# [Problem]
From the entries below, tally how many lines contain "offset" and report only that figure.

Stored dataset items
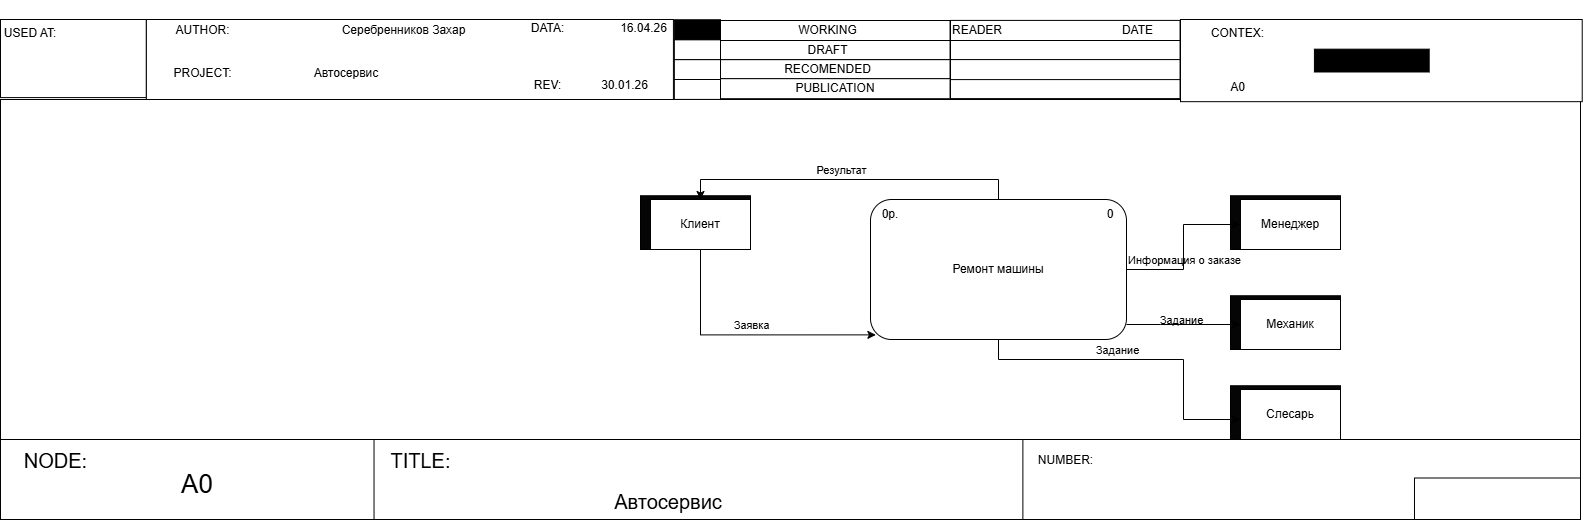

The diagram above was exported from draw.io. Its source (the exported page's mxGraphModel, read from the mxfile embedded in the PNG):
<mxGraphModel dx="1426" dy="849" grid="1" gridSize="10" guides="1" tooltips="1" connect="1" arrows="1" fold="1" page="1" pageScale="1" pageWidth="827" pageHeight="1169" math="0" shadow="0">
  <root>
    <mxCell id="0" />
    <mxCell id="1" parent="0" />
    <mxCell id="7rgNVtB7_CVjP0rE441f-59" parent="1" style="rounded=0;whiteSpace=wrap;html=1;" value="" vertex="1">
      <mxGeometry height="19.09" width="229.56" x="1000" y="1180.09" as="geometry" />
    </mxCell>
    <mxCell id="7rgNVtB7_CVjP0rE441f-1" parent="1" style="rounded=0;whiteSpace=wrap;html=1;flipH=0;legacyAnchorPoints=0;flipV=0;direction=west;" value="" vertex="1">
      <mxGeometry height="340" width="1580" x="280" y="1220" as="geometry" />
    </mxCell>
    <mxCell id="7rgNVtB7_CVjP0rE441f-2" parent="1" style="rounded=0;whiteSpace=wrap;html=1;align=left;spacing=5;spacingTop=-70;" value="" vertex="1">
      <mxGeometry height="78.09" width="145.86" x="280" y="1140" as="geometry" />
    </mxCell>
    <mxCell id="7rgNVtB7_CVjP0rE441f-3" parent="1" style="rounded=0;whiteSpace=wrap;html=1;" value="" vertex="1">
      <mxGeometry height="80" width="527.06" x="425.86" y="1140" as="geometry" />
    </mxCell>
    <mxCell id="7rgNVtB7_CVjP0rE441f-30" parent="1" style="rounded=0;whiteSpace=wrap;html=1;" value="" vertex="1">
      <mxGeometry height="80" width="401.2" x="280" y="1560" as="geometry" />
    </mxCell>
    <mxCell id="7rgNVtB7_CVjP0rE441f-31" parent="1" style="text;html=1;whiteSpace=wrap;strokeColor=none;fillColor=none;align=center;verticalAlign=middle;rounded=0;" value="&lt;font style=&quot;font-size: 20px;&quot;&gt;NODE:&lt;/font&gt;" vertex="1">
      <mxGeometry height="41.50368" width="83.00751879699247" x="293.83458646616543" y="1559.9989600000004" as="geometry" />
    </mxCell>
    <mxCell id="7rgNVtB7_CVjP0rE441f-32" parent="1" style="text;html=1;whiteSpace=wrap;strokeColor=none;fillColor=none;align=center;verticalAlign=middle;rounded=0;fontSize=26;" value="A0" vertex="1">
      <mxGeometry height="69.1728" width="103.75939849624059" x="424.99774436090223" y="1570.8272000000004" as="geometry" />
    </mxCell>
    <mxCell id="7rgNVtB7_CVjP0rE441f-33" parent="1" style="rounded=0;whiteSpace=wrap;html=1;" value="" vertex="1">
      <mxGeometry height="80" width="650.23" x="653.53" y="1560" as="geometry" />
    </mxCell>
    <mxCell id="7rgNVtB7_CVjP0rE441f-34" parent="1" style="text;html=1;whiteSpace=wrap;strokeColor=none;fillColor=none;align=center;verticalAlign=middle;rounded=0;" value="&lt;font style=&quot;font-size: 20px;&quot;&gt;TITLE:&lt;/font&gt;" vertex="1">
      <mxGeometry height="41.50368" width="83.00751879699247" x="659.0676691729323" y="1559.9989600000004" as="geometry" />
    </mxCell>
    <mxCell id="7rgNVtB7_CVjP0rE441f-35" parent="1" style="text;html=1;whiteSpace=wrap;strokeColor=none;fillColor=none;align=center;verticalAlign=middle;rounded=0;" value="&lt;font style=&quot;font-size: 20px;&quot;&gt;Автосервис&lt;/font&gt;" vertex="1">
      <mxGeometry height="41.50368" width="103.75939849624059" x="895.6390977443609" y="1601.5026400000002" as="geometry" />
    </mxCell>
    <mxCell id="7rgNVtB7_CVjP0rE441f-36" parent="1" style="rounded=0;whiteSpace=wrap;html=1;" value="" vertex="1">
      <mxGeometry height="80" width="557.62" x="1302.38" y="1560" as="geometry" />
    </mxCell>
    <mxCell id="7rgNVtB7_CVjP0rE441f-37" parent="1" style="text;html=1;whiteSpace=wrap;strokeColor=none;fillColor=none;align=center;verticalAlign=middle;rounded=0;" value="NUMBER:" vertex="1">
      <mxGeometry height="41.50368" width="83.00751879699247" x="1303.7593984962405" y="1559.9989600000004" as="geometry" />
    </mxCell>
    <mxCell id="7rgNVtB7_CVjP0rE441f-38" parent="1" style="rounded=0;whiteSpace=wrap;html=1;" value="" vertex="1">
      <mxGeometry height="41.50368" width="166.01503759398494" x="1693.984962406015" y="1598.49632" as="geometry" />
    </mxCell>
    <mxCell id="7rgNVtB7_CVjP0rE441f-76" connectable="0" parent="1" style="group" value="" vertex="1">
      <mxGeometry height="85" width="433.28" x="425" y="1130" as="geometry" />
    </mxCell>
    <mxCell id="7rgNVtB7_CVjP0rE441f-77" parent="7rgNVtB7_CVjP0rE441f-76" style="text;html=1;whiteSpace=wrap;strokeColor=none;fillColor=none;align=center;verticalAlign=middle;rounded=0;" value="AUTHOR:" vertex="1">
      <mxGeometry height="42.5" width="114.77625715811773" as="geometry" />
    </mxCell>
    <mxCell id="7rgNVtB7_CVjP0rE441f-78" parent="7rgNVtB7_CVjP0rE441f-76" style="text;html=1;whiteSpace=wrap;strokeColor=none;fillColor=none;align=center;verticalAlign=middle;rounded=0;" value="PROJECT:" vertex="1">
      <mxGeometry height="42.5" width="114.77625715811773" y="42.5" as="geometry" />
    </mxCell>
    <mxCell id="7rgNVtB7_CVjP0rE441f-79" parent="7rgNVtB7_CVjP0rE441f-76" style="text;html=1;whiteSpace=wrap;strokeColor=none;fillColor=none;align=center;verticalAlign=middle;rounded=0;" value="Серебренников Захар" vertex="1">
      <mxGeometry height="42.5" width="286.9406428952943" x="114.77625715811774" as="geometry" />
    </mxCell>
    <mxCell id="7rgNVtB7_CVjP0rE441f-80" parent="7rgNVtB7_CVjP0rE441f-76" style="text;html=1;whiteSpace=wrap;strokeColor=none;fillColor=none;align=center;verticalAlign=middle;rounded=0;" value="Автосервис" vertex="1">
      <mxGeometry height="42.5" width="172.1643857371766" x="114.77625715811774" y="42.5" as="geometry" />
    </mxCell>
    <mxCell id="_mrZ4fppa4EVjqlZTOCH-35" parent="1" style="rounded=0;whiteSpace=wrap;html=1;fillColor=#050505;" value="" vertex="1">
      <mxGeometry height="53.75" width="110" x="1509.9999999999998" y="1316.25" as="geometry" />
    </mxCell>
    <mxCell id="_mrZ4fppa4EVjqlZTOCH-36" parent="1" style="rounded=0;whiteSpace=wrap;html=1;fillColor=#050505;" value="" vertex="1">
      <mxGeometry height="53.75" width="110" x="1509.9999999999998" y="1416.25" as="geometry" />
    </mxCell>
    <mxCell id="_mrZ4fppa4EVjqlZTOCH-37" parent="1" style="rounded=0;whiteSpace=wrap;html=1;fillColor=#050505;" value="" vertex="1">
      <mxGeometry height="53.75" width="110" x="1509.9999999999998" y="1506.25" as="geometry" />
    </mxCell>
    <mxCell id="_mrZ4fppa4EVjqlZTOCH-33" parent="1" style="rounded=0;whiteSpace=wrap;html=1;fillColor=#050505;" value="" vertex="1">
      <mxGeometry height="53.75" width="110" x="920" y="1316.25" as="geometry" />
    </mxCell>
    <mxCell id="_mrZ4fppa4EVjqlZTOCH-22" edge="1" parent="1" source="_mrZ4fppa4EVjqlZTOCH-5" style="edgeStyle=orthogonalEdgeStyle;rounded=0;orthogonalLoop=1;jettySize=auto;html=1;labelBackgroundColor=none;fontColor=default;" target="_mrZ4fppa4EVjqlZTOCH-15">
      <mxGeometry relative="1" as="geometry" />
    </mxCell>
    <mxCell id="_mrZ4fppa4EVjqlZTOCH-23" connectable="0" parent="_mrZ4fppa4EVjqlZTOCH-22" style="edgeLabel;html=1;align=center;verticalAlign=middle;resizable=0;points=[];labelBackgroundColor=none;" value="Информация о заказе" vertex="1">
      <mxGeometry relative="1" x="0.079" as="geometry">
        <mxPoint y="19" as="offset" />
      </mxGeometry>
    </mxCell>
    <mxCell id="_mrZ4fppa4EVjqlZTOCH-24" edge="1" parent="1" source="_mrZ4fppa4EVjqlZTOCH-5" style="edgeStyle=orthogonalEdgeStyle;rounded=0;orthogonalLoop=1;jettySize=auto;html=1;entryX=0;entryY=0.5;entryDx=0;entryDy=0;labelBackgroundColor=none;fontColor=default;" target="_mrZ4fppa4EVjqlZTOCH-16">
      <mxGeometry relative="1" as="geometry">
        <Array as="points">
          <mxPoint x="1439.9999999999998" y="1445" />
          <mxPoint x="1439.9999999999998" y="1445" />
        </Array>
      </mxGeometry>
    </mxCell>
    <mxCell id="_mrZ4fppa4EVjqlZTOCH-25" connectable="0" parent="_mrZ4fppa4EVjqlZTOCH-24" style="edgeLabel;html=1;align=center;verticalAlign=middle;resizable=0;points=[];labelBackgroundColor=none;" value="Задание" vertex="1">
      <mxGeometry relative="1" x="-0.0569" y="-2" as="geometry">
        <mxPoint y="-7" as="offset" />
      </mxGeometry>
    </mxCell>
    <mxCell id="_mrZ4fppa4EVjqlZTOCH-28" edge="1" parent="1" source="_mrZ4fppa4EVjqlZTOCH-5" style="edgeStyle=orthogonalEdgeStyle;rounded=0;orthogonalLoop=1;jettySize=auto;html=1;entryX=0.5;entryY=0;entryDx=0;entryDy=0;labelBackgroundColor=none;fontColor=default;" target="_mrZ4fppa4EVjqlZTOCH-13">
      <mxGeometry relative="1" as="geometry">
        <Array as="points">
          <mxPoint x="1277.9999999999998" y="1300" />
          <mxPoint x="980" y="1300" />
        </Array>
      </mxGeometry>
    </mxCell>
    <mxCell id="_mrZ4fppa4EVjqlZTOCH-29" connectable="0" parent="_mrZ4fppa4EVjqlZTOCH-28" style="edgeLabel;html=1;align=center;verticalAlign=middle;resizable=0;points=[];labelBackgroundColor=none;" value="Результат" vertex="1">
      <mxGeometry relative="1" x="0.0549" y="-2" as="geometry">
        <mxPoint y="-8" as="offset" />
      </mxGeometry>
    </mxCell>
    <mxCell id="_mrZ4fppa4EVjqlZTOCH-5" parent="1" style="rounded=1;whiteSpace=wrap;html=1;labelBackgroundColor=none;" value="Ремонт машины" vertex="1">
      <mxGeometry height="140" width="256" x="1150" y="1320" as="geometry" />
    </mxCell>
    <mxCell id="_mrZ4fppa4EVjqlZTOCH-18" edge="1" parent="1" source="_mrZ4fppa4EVjqlZTOCH-13" style="edgeStyle=orthogonalEdgeStyle;rounded=0;orthogonalLoop=1;jettySize=auto;html=1;entryX=0.021;entryY=0.967;entryDx=0;entryDy=0;labelBackgroundColor=none;fontColor=default;entryPerimeter=0;" target="_mrZ4fppa4EVjqlZTOCH-5">
      <mxGeometry relative="1" as="geometry">
        <Array as="points">
          <mxPoint x="980" y="1455" />
        </Array>
        <mxPoint x="980" y="1460" as="targetPoint" />
      </mxGeometry>
    </mxCell>
    <mxCell id="_mrZ4fppa4EVjqlZTOCH-19" connectable="0" parent="_mrZ4fppa4EVjqlZTOCH-18" style="edgeLabel;html=1;align=center;verticalAlign=middle;resizable=0;points=[];labelBackgroundColor=none;" value="Заявка" vertex="1">
      <mxGeometry relative="1" x="-0.15" y="3" as="geometry">
        <mxPoint x="25" y="-7" as="offset" />
      </mxGeometry>
    </mxCell>
    <mxCell id="_mrZ4fppa4EVjqlZTOCH-13" parent="1" style="html=1;dashed=0;whiteSpace=wrap;shadow=0;glass=0;rounded=0;textShadow=0;treeFolding=0;treeMoving=0;enumerate=0;comic=0;labelBackgroundColor=none;fillColor=light-dark(#FFFFFF,#FFFFFF);fontColor=#000000;" value="Клиент" vertex="1">
      <mxGeometry height="50" width="100" x="930" y="1320" as="geometry" />
    </mxCell>
    <mxCell id="_mrZ4fppa4EVjqlZTOCH-15" parent="1" style="html=1;dashed=0;whiteSpace=wrap;shadow=0;labelBackgroundColor=none;gradientColor=none;glass=0;fillColor=#FFFFFF;fillStyle=auto;rounded=0;fontColor=#000000;" value="Менеджер" vertex="1">
      <mxGeometry height="50" width="100" x="1519.9999999999998" y="1320" as="geometry" />
    </mxCell>
    <mxCell id="_mrZ4fppa4EVjqlZTOCH-16" parent="1" style="html=1;dashed=0;whiteSpace=wrap;shadow=0;labelBackgroundColor=none;" value="Механик" vertex="1">
      <mxGeometry height="50" width="100" x="1519.9999999999998" y="1420" as="geometry" />
    </mxCell>
    <mxCell id="_mrZ4fppa4EVjqlZTOCH-17" parent="1" style="html=1;dashed=0;whiteSpace=wrap;shadow=0;labelBackgroundColor=none;" value="Слесарь" vertex="1">
      <mxGeometry height="50" width="100" x="1519.9999999999998" y="1510" as="geometry" />
    </mxCell>
    <mxCell id="_mrZ4fppa4EVjqlZTOCH-26" edge="1" parent="1" source="_mrZ4fppa4EVjqlZTOCH-5" style="edgeStyle=orthogonalEdgeStyle;rounded=0;orthogonalLoop=1;jettySize=auto;html=1;entryX=0;entryY=0.6;entryDx=0;entryDy=0;entryPerimeter=0;labelBackgroundColor=none;fontColor=default;" target="_mrZ4fppa4EVjqlZTOCH-17">
      <mxGeometry relative="1" as="geometry">
        <Array as="points">
          <mxPoint x="1277.9999999999998" y="1480" />
          <mxPoint x="1462.9999999999998" y="1480" />
          <mxPoint x="1462.9999999999998" y="1540" />
        </Array>
      </mxGeometry>
    </mxCell>
    <mxCell id="_mrZ4fppa4EVjqlZTOCH-27" connectable="0" parent="_mrZ4fppa4EVjqlZTOCH-26" style="edgeLabel;html=1;align=center;verticalAlign=middle;resizable=0;points=[];labelBackgroundColor=none;" value="Задание" vertex="1">
      <mxGeometry relative="1" x="-0.1411" y="1" as="geometry">
        <mxPoint y="-9" as="offset" />
      </mxGeometry>
    </mxCell>
    <mxCell id="_mrZ4fppa4EVjqlZTOCH-30" parent="1" style="text;html=1;whiteSpace=wrap;strokeColor=none;fillColor=none;align=center;verticalAlign=middle;rounded=0;" value="0" vertex="1">
      <mxGeometry height="30" width="60" x="1359.9999999999998" y="1320" as="geometry" />
    </mxCell>
    <mxCell id="_mrZ4fppa4EVjqlZTOCH-31" parent="1" style="text;html=1;whiteSpace=wrap;strokeColor=none;fillColor=none;align=center;verticalAlign=middle;rounded=0;" value="0р." vertex="1">
      <mxGeometry height="30" width="60" x="1140" y="1320" as="geometry" />
    </mxCell>
    <mxCell id="7rgNVtB7_CVjP0rE441f-71" connectable="0" parent="1" style="group" value="" vertex="1">
      <mxGeometry height="114.7778761061947" width="231.68431896598935" x="769.9996582507257" y="1120.0018584070795" as="geometry" />
    </mxCell>
    <mxCell id="7rgNVtB7_CVjP0rE441f-72" parent="7rgNVtB7_CVjP0rE441f-71" style="text;html=1;whiteSpace=wrap;strokeColor=none;fillColor=none;align=center;verticalAlign=middle;rounded=0;" value="DATA:" vertex="1">
      <mxGeometry height="57.38893805309735" width="114.77754532011612" as="geometry" />
    </mxCell>
    <mxCell id="7rgNVtB7_CVjP0rE441f-73" parent="7rgNVtB7_CVjP0rE441f-71" style="text;html=1;whiteSpace=wrap;strokeColor=none;fillColor=none;align=center;verticalAlign=middle;rounded=0;" value="REV:" vertex="1">
      <mxGeometry height="57.38893805309735" width="114.77754532011612" y="57.38893805309735" as="geometry" />
    </mxCell>
    <mxCell id="7rgNVtB7_CVjP0rE441f-74" parent="7rgNVtB7_CVjP0rE441f-71" style="text;html=1;whiteSpace=wrap;strokeColor=none;fillColor=none;align=center;verticalAlign=middle;rounded=0;" value="16.04.26" vertex="1">
      <mxGeometry height="57.38893805309735" width="114.77754532011612" x="95.64795443342996" as="geometry" />
    </mxCell>
    <mxCell id="7rgNVtB7_CVjP0rE441f-75" parent="7rgNVtB7_CVjP0rE441f-71" style="text;html=1;whiteSpace=wrap;strokeColor=none;fillColor=none;align=center;verticalAlign=middle;rounded=0;" value="30.01.26" vertex="1">
      <mxGeometry height="57.38893805309735" width="114.77754532011612" x="76.51836354674379" y="57.38893805309735" as="geometry" />
    </mxCell>
    <mxCell id="7rgNVtB7_CVjP0rE441f-54" parent="7rgNVtB7_CVjP0rE441f-71" style="rounded=0;whiteSpace=wrap;html=1;" value="" vertex="1">
      <mxGeometry height="19.91" width="46.14" x="183.86" y="80" as="geometry" />
    </mxCell>
    <mxCell id="7rgNVtB7_CVjP0rE441f-55" parent="7rgNVtB7_CVjP0rE441f-71" style="rounded=0;whiteSpace=wrap;html=1;" value="" vertex="1">
      <mxGeometry height="19.91" width="46.14" x="183.8603417492742" y="60.088141592920465" as="geometry" />
    </mxCell>
    <mxCell id="7rgNVtB7_CVjP0rE441f-109" parent="7rgNVtB7_CVjP0rE441f-71" style="rounded=0;whiteSpace=wrap;html=1;" value="" vertex="1">
      <mxGeometry height="19.91" width="46.14" x="183.8603417492743" y="40.17814159292061" as="geometry" />
    </mxCell>
    <mxCell id="7rgNVtB7_CVjP0rE441f-110" parent="7rgNVtB7_CVjP0rE441f-71" style="rounded=0;whiteSpace=wrap;html=1;fillColor=#000000;" value="" vertex="1">
      <mxGeometry height="19.91" width="46.14" x="183.8603417492743" y="20.26814159292053" as="geometry" />
    </mxCell>
    <mxCell id="7rgNVtB7_CVjP0rE441f-63" parent="1" style="text;html=1;whiteSpace=wrap;strokeColor=none;fillColor=none;align=center;verticalAlign=middle;rounded=0;" value="RECOMENDED" vertex="1">
      <mxGeometry height="10" width="114.78" x="1050" y="1184.6399999999999" as="geometry" />
    </mxCell>
    <mxCell id="7rgNVtB7_CVjP0rE441f-58" parent="1" style="rounded=0;whiteSpace=wrap;html=1;" value="" vertex="1">
      <mxGeometry height="19.09" width="229.56" x="1000" y="1161" as="geometry" />
    </mxCell>
    <mxCell id="7rgNVtB7_CVjP0rE441f-62" parent="1" style="text;html=1;whiteSpace=wrap;strokeColor=none;fillColor=none;align=center;verticalAlign=middle;rounded=0;" value="DRAFT" vertex="1">
      <mxGeometry height="9.15" width="114.78" x="1049.9999999999998" y="1165.97" as="geometry" />
    </mxCell>
    <mxCell id="7rgNVtB7_CVjP0rE441f-57" parent="1" style="rounded=0;whiteSpace=wrap;html=1;" value="" vertex="1">
      <mxGeometry height="20" width="229.55509064023224" x="1000" y="1141" as="geometry" />
    </mxCell>
    <mxCell id="7rgNVtB7_CVjP0rE441f-61" parent="1" style="text;html=1;whiteSpace=wrap;strokeColor=none;fillColor=none;align=center;verticalAlign=middle;rounded=0;" value="WORKING" vertex="1">
      <mxGeometry height="3.65" width="114.78" x="1050" y="1149.17" as="geometry" />
    </mxCell>
    <mxCell id="7rgNVtB7_CVjP0rE441f-68" parent="1" style="rounded=0;whiteSpace=wrap;html=1;" value="" vertex="1">
      <mxGeometry height="20.09" width="229.56" x="1230" y="1199" as="geometry" />
    </mxCell>
    <mxCell id="7rgNVtB7_CVjP0rE441f-111" parent="1" style="rounded=0;whiteSpace=wrap;html=1;" value="PUBLICATION" vertex="1">
      <mxGeometry height="20" width="229.55509064023224" x="1000" y="1199.18" as="geometry" />
    </mxCell>
    <mxCell id="7rgNVtB7_CVjP0rE441f-112" parent="1" style="text;html=1;whiteSpace=wrap;strokeColor=none;fillColor=none;align=center;verticalAlign=middle;rounded=0;" value="USED AT:" vertex="1">
      <mxGeometry height="30" width="60" x="280" y="1139" as="geometry" />
    </mxCell>
    <mxCell id="7rgNVtB7_CVjP0rE441f-115" parent="1" style="rounded=0;whiteSpace=wrap;html=1;" value="" vertex="1">
      <mxGeometry height="20.09" width="229.56" x="1230" y="1180" as="geometry" />
    </mxCell>
    <mxCell id="7rgNVtB7_CVjP0rE441f-116" parent="1" style="rounded=0;whiteSpace=wrap;html=1;" value="" vertex="1">
      <mxGeometry height="20.09" width="229.56" x="1230" y="1160" as="geometry" />
    </mxCell>
    <mxCell id="7rgNVtB7_CVjP0rE441f-117" parent="1" style="rounded=0;whiteSpace=wrap;html=1;align=left;" value="READER" vertex="1">
      <mxGeometry height="20.09" width="229.56" x="1230" y="1140.91" as="geometry" />
    </mxCell>
    <mxCell id="7rgNVtB7_CVjP0rE441f-70" parent="1" style="text;html=1;whiteSpace=wrap;strokeColor=none;fillColor=none;align=center;verticalAlign=middle;rounded=0;" value="DATE" vertex="1">
      <mxGeometry height="57.38893805309735" width="114.77754532011612" x="1360.0021222410865" y="1122.26296460177" as="geometry" />
    </mxCell>
    <mxCell id="7rgNVtB7_CVjP0rE441f-4" connectable="0" parent="1" style="group;" value="" vertex="1">
      <mxGeometry height="82.17" width="401.72" x="1460" y="1140" as="geometry" />
    </mxCell>
    <mxCell id="7rgNVtB7_CVjP0rE441f-5" parent="7rgNVtB7_CVjP0rE441f-4" style="rounded=0;whiteSpace=wrap;html=1;" value="" vertex="1">
      <mxGeometry height="82.17" width="401.72" as="geometry" />
    </mxCell>
    <mxCell id="7rgNVtB7_CVjP0rE441f-6" parent="7rgNVtB7_CVjP0rE441f-4" style="text;html=1;whiteSpace=wrap;strokeColor=none;fillColor=none;align=center;verticalAlign=middle;rounded=0;" value="A0" vertex="1">
      <mxGeometry height="27.39" width="114.77714285714288" y="54.78" as="geometry" />
    </mxCell>
    <mxCell id="7rgNVtB7_CVjP0rE441f-7" parent="7rgNVtB7_CVjP0rE441f-4" style="text;html=1;whiteSpace=wrap;strokeColor=none;fillColor=none;align=center;verticalAlign=middle;rounded=0;" value="CONTEX:" vertex="1">
      <mxGeometry height="27.39" width="114.77714285714288" as="geometry" />
    </mxCell>
    <mxCell id="7rgNVtB7_CVjP0rE441f-8" parent="7rgNVtB7_CVjP0rE441f-4" style="rounded=0;whiteSpace=wrap;html=1;fontColor=default;labelBackgroundColor=#000000;labelBorderColor=default;textShadow=1;fillColor=#000000;" value="" vertex="1">
      <mxGeometry height="22.825" width="114.77714285714288" x="133.90666666666667" y="29.672500000000003" as="geometry" />
    </mxCell>
  </root>
</mxGraphModel>

# [Result of this exercise]
5